Two different ways of learning a new motor behavior should be distinguished. One is substitution for the motor pattern spontaneously used by the observer in response to a given stimulus of another motor pattern, more adequate to reach the intended goal, on the basis of observation of the behavior of another individual. Examples could include the correct way to hold a tennis racket or to place a finger on a guitar’s neck (action adjustment). The second way is learning, by observation, a new motor sequence that is useful to reach a certain goal (sequence learning). The ability to open a box only if a certain action sequence is followed could be an example of this second type of imitation learning (see also the artificial fruit of Whiten and Custance, 1996). There are no experiments that I am aware of that have studied these two types of motor behavior from the perspective of mirror neurons. 

So in this section I discuss the issue of acquisition of new motor behaviors following observation of actions made by others mostly in terms of possible mechanisms that may explain them rather than on the basis of empirical studies. The neurophysiological network that should intervene in action is that formed by STS, PF, and F5. As discussed earlier, this circuit stores many visually described actions in its visual node, STS. STS neurons send information to PF, where there are neurons that receive, in addition to STS input, backward connections from F5. The way an individual interacts with an object before learning is established by F5 canonical neurons that specify which type of movement (e.g., a specific type of grip) has to be used on the basis of the object’s affordances (see Jeannerod et al., 1995). 

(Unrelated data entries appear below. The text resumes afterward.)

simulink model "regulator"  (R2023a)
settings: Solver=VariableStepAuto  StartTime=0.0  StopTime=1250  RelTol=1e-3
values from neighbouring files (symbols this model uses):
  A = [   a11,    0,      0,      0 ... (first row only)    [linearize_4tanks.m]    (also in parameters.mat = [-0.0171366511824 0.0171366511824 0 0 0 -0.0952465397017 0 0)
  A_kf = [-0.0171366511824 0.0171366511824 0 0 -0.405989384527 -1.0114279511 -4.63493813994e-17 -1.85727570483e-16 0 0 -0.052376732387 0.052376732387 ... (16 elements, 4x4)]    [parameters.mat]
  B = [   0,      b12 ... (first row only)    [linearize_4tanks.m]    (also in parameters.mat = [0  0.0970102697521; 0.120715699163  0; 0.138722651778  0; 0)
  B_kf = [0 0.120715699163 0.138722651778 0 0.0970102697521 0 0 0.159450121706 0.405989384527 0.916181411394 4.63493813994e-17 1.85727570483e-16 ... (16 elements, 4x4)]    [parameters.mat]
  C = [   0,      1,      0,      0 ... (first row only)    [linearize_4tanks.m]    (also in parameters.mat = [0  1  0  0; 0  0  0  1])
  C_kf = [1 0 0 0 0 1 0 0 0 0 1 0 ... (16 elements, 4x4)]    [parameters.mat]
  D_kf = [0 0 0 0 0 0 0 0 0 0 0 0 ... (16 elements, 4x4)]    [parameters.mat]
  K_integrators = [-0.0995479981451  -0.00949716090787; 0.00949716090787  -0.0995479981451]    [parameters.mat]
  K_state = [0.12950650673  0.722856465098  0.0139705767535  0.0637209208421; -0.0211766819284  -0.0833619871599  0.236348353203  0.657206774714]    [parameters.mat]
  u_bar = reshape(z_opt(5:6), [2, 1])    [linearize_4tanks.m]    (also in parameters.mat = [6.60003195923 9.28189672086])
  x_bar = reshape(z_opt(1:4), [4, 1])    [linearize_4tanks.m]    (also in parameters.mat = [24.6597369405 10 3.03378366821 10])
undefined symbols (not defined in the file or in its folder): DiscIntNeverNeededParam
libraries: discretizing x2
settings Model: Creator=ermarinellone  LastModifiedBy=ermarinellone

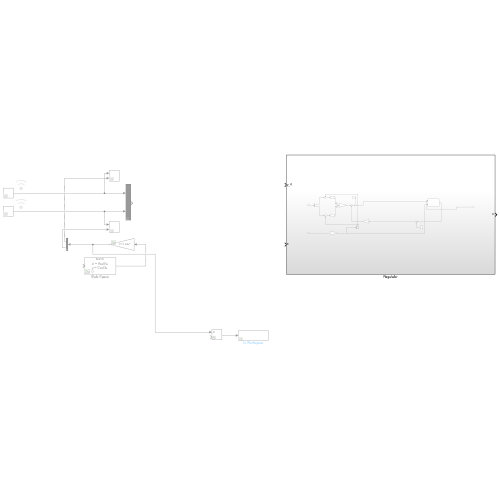
[thumbnail: Simulink's stored preview of the top-level diagram]
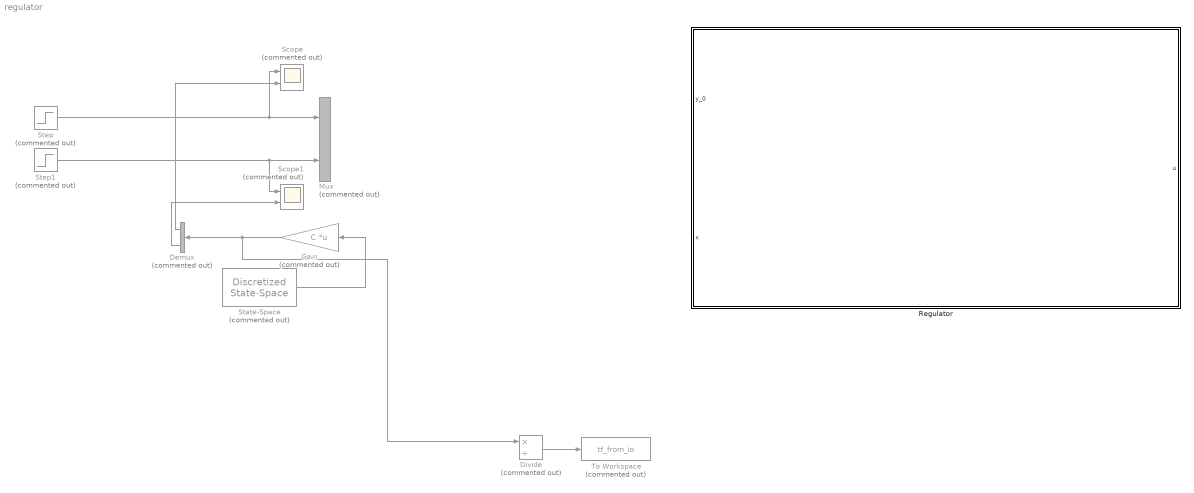
== system regulator ==
  Demux : Demux  Commented=on  Outputs=2
  Divide : Product  Commented=on  Inputs=*/
  Gain : Gain  Commented=on  Gain=C  Multiplication=Matrix(K*u) (u vector)
  Mux : Mux  Commented=on  Inputs=2
  Regulator : Subsystem
  Scope : Scope  Commented=on  NumInputPorts=2
  Scope1 : Scope  Commented=on  NumInputPorts=2
  State-Space : discretizing/Discretized State-Space  Commented=on  A=A  B=B  C=eye(4)  D=zeros(4,2)  ic=0  AbsTol=auto  SampleTime=0.01  method=tustin  Wc=1
  Step : Step  Commented=on  Time=500  Before=10  After=13  SampleTime=0
  Step1 : Step  Commented=on  Time=500  Before=10  After=10  SampleTime=0
  To Workspace : ToWorkspace  Commented=on  VariableName=tf_from_io  SaveFormat=Timeseries  SampleTime=-1
  wires:
  State-Space/1 -> Gain/1
  Demux/1 -> Scope/2
  Demux/2 -> Scope1/2
  Gain/1 -> Divide/1, Demux/1
  Step/1 -> Scope/1, Mux/1
  Step1/1 -> Scope1/1, Mux/2
  Divide/1 -> To Workspace/1

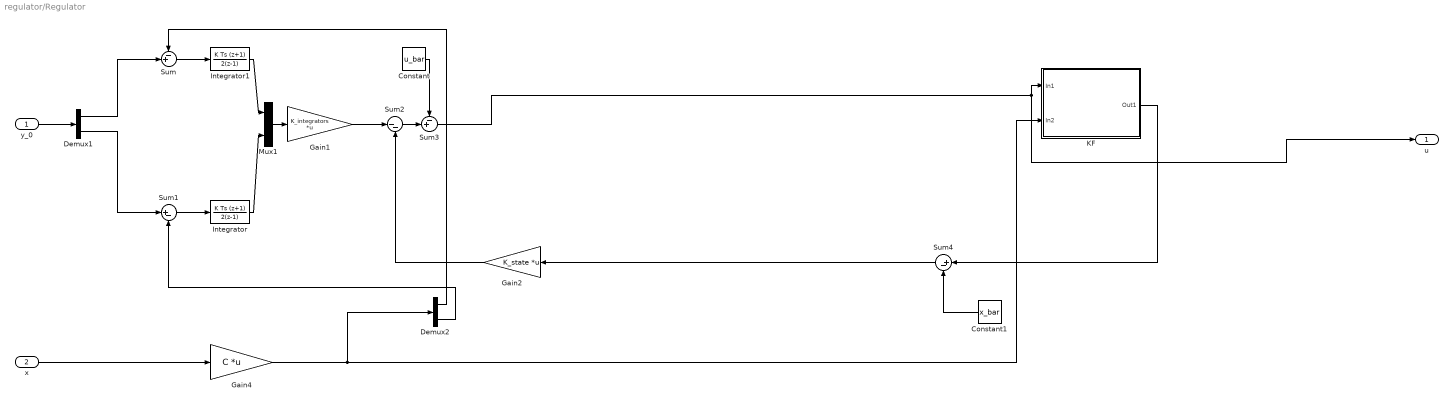
== system regulator/Regulator ==
  y_0 : Inport
  x : Inport  Port=2
  Constant : Constant  Value=u_bar
  Constant1 : Constant  Value=x_bar
  Demux1 : Demux  Outputs=2
  Demux2 : Demux  Outputs=2
  Gain1 : Gain  Gain=K_integrators  Multiplication=Matrix(K*u) (u vector)
  Gain2 : Gain  Gain=K_state  Multiplication=Matrix(K*u) (u vector)
  Gain4 : Gain  Gain=C  Multiplication=Matrix(K*u) (u vector)
  Integrator : DiscreteIntegrator  IntegratorMethod=Integration: Trapezoidal  SampleTime=0.01  ICPrevOutput=DiscIntNeverNeededParam  ICPrevScaledInput=DiscIntNeverNeededParam  mask(DiscretizedDiscreteIntegrator){}
      mask init:
      | %tustin
  Integrator1 : DiscreteIntegrator  IntegratorMethod=Integration: Trapezoidal  SampleTime=0.01  ICPrevOutput=DiscIntNeverNeededParam  ICPrevScaledInput=DiscIntNeverNeededParam  mask(DiscretizedDiscreteIntegrator){}
      mask init:
      | %tustin
  KF : Subsystem
  Mux1 : Mux  Inputs=2
  Sum : Sum  Inputs=-+|
  Sum1 : Sum  Inputs=|+-
  Sum2 : Sum  Inputs=|--
  Sum3 : Sum  Inputs=-+|
  Sum4 : Sum  Inputs=|+-
  u : Outport
  wires:
  Sum4/1 -> Gain2/1
  Sum/1 -> Integrator1/1
  KF/1(Out1) -> Sum4/1
  Sum1/1 -> Integrator/1
  Gain4/1 -> Demux2/1, KF/2(In2)
  Constant1/1 -> Sum4/2
  Sum2/1 -> Sum3/2
  Gain1/1 -> Sum2/1
  Integrator/1 -> Mux1/2
  Mux1/1 -> Gain1/1
  Constant/1 -> Sum3/1
  Sum3/1 -> KF/1(In1), u/1
  Gain2/1 -> Sum2/2
  Integrator1/1 -> Mux1/1
  x/1 -> Gain4/1
  y_0/1 -> Demux1/1
  Demux1/1 -> Sum/2
  Demux1/2 -> Sum1/1
  Demux2/1 -> Sum/1
  Demux2/2 -> Sum1/2

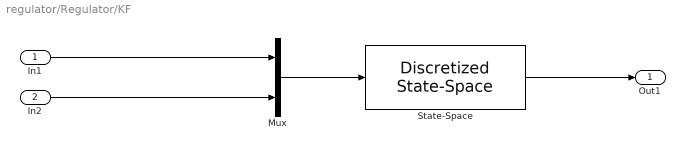
== system regulator/Regulator/KF ==
  In1 : Inport
  In2 : Inport  Port=2
  Mux : Mux  Inputs=2
  State-Space : discretizing/Discretized State-Space  A=A_kf  B=B_kf  C=C_kf  D=D_kf  ic=0  AbsTol=auto  SampleTime=0.01  method=tustin  Wc=1
  Out1 : Outport
  wires:
  In1/1 -> Mux/1
  Mux/1 -> State-Space/1
  State-Space/1 -> Out1/1
  In2/1 -> Mux/2

When the observer sees that another grip is more efficient than the one previously used to reach the goal of the action, this new grip is coded in STS. The learning process consists of the production of a motor pattern that activates, via backward connections, those PF neurons that receive the sensory copy of the desired action from STS. The comparison between the visual aspect of the performed action and the sensory copy of it will allow a modification of the internal motor pattern until this pattern produces an action similar to the observed one. This model is basically an internal forward model (see Wolpert et al., 1995; Wolpert, 1997; Kawato, 1999; Arbib & Rizzolatti, 1999). 

Its main biological constraints are, on the motor side, the motor repertoire present in PF and F5 and, on the sensory side, the variety of action prototypes coded in STS and their plasticity. The presence in humans of a rich representation of intransitive motor acts, shown by TMS studies, renders the human mirror neuron system much more apt for imitation than the analogous monkey system, where the poor representation of intransitive actions (or even its absence) and the apparent poverty (on the basis of available evidence) of mirror neurons coding for precise details of actions present serious limits to the capacity for imitation. Without the storage of intransitive actions to complement basic object-related actions and precise copies of actions, the capacity of the monkey system to imitate the behavior of others should be rather limited. Logically, the mechanism that is the basis of learning a sequence by imitation ought to be different. 

Here, unlike the case of action adjustment, the essential achievement is not the substitution of an action determined by an object’s affordances with a more effective action, but rather the capacity to replicate a series of actions previously never executed. An interesting hypothesis to explain how this type of imitation may occur has been recently advanced by Byrne (see R. Byrne, 2002c and chapter 9). According to Byrne, sequence learning by imitation is based on two operations. The first is the capacity to segment the perceived action into smaller units and to match them to ‘‘motor acts’’ already present in the motor repertoire of the observer. Mirror neurons are the elements that perform this matching. The other essential operation (‘‘string-parsing’’) consists of extracting the statistical regularities that characterize an action’s sequence. This operation imposes high-order organization on the observed action sequence and, if successful, mirrors the original planning structure that produced the behavior. On the basis of neurophysiological data indicating a role for the mesial cortical area in sequence learning and execution (see Hikosaka et al., 1995, 2000; Tanji, 1996; Tanji et al., 1996; Shima & Tanji, 2000), Byrne proposed that these areas also play a role in string parsing. An additional possible neural substrate for this operation is the basal ganglia, which also appears to play a role in sequence learning. Obviously, at present the proposed mechanisms for action adjustment and for sequential learning by imitation are both merely hypothetical. However, they suggest a series of brain imaging experiments that may be easily performed using the available technology.

Concluding Remarks 
A point central to this chapter’s attempt to give imitation a neurophysiological basis is that an understanding of actions preceded imitation in evolution. The mirror system evolved as a system whose main aim was to match sensory information to personal motor knowledge of action meaning. This system became progressively richer and more complex and, in humans, came to include intransitive actions and detailed specifications of how an observed action is executed. This evolved mirror system became the basis for reproducing actions performed by others; that is, for imitation. A possible criticism of this view is that some actions produce imitation without any evidence that they have been understood. 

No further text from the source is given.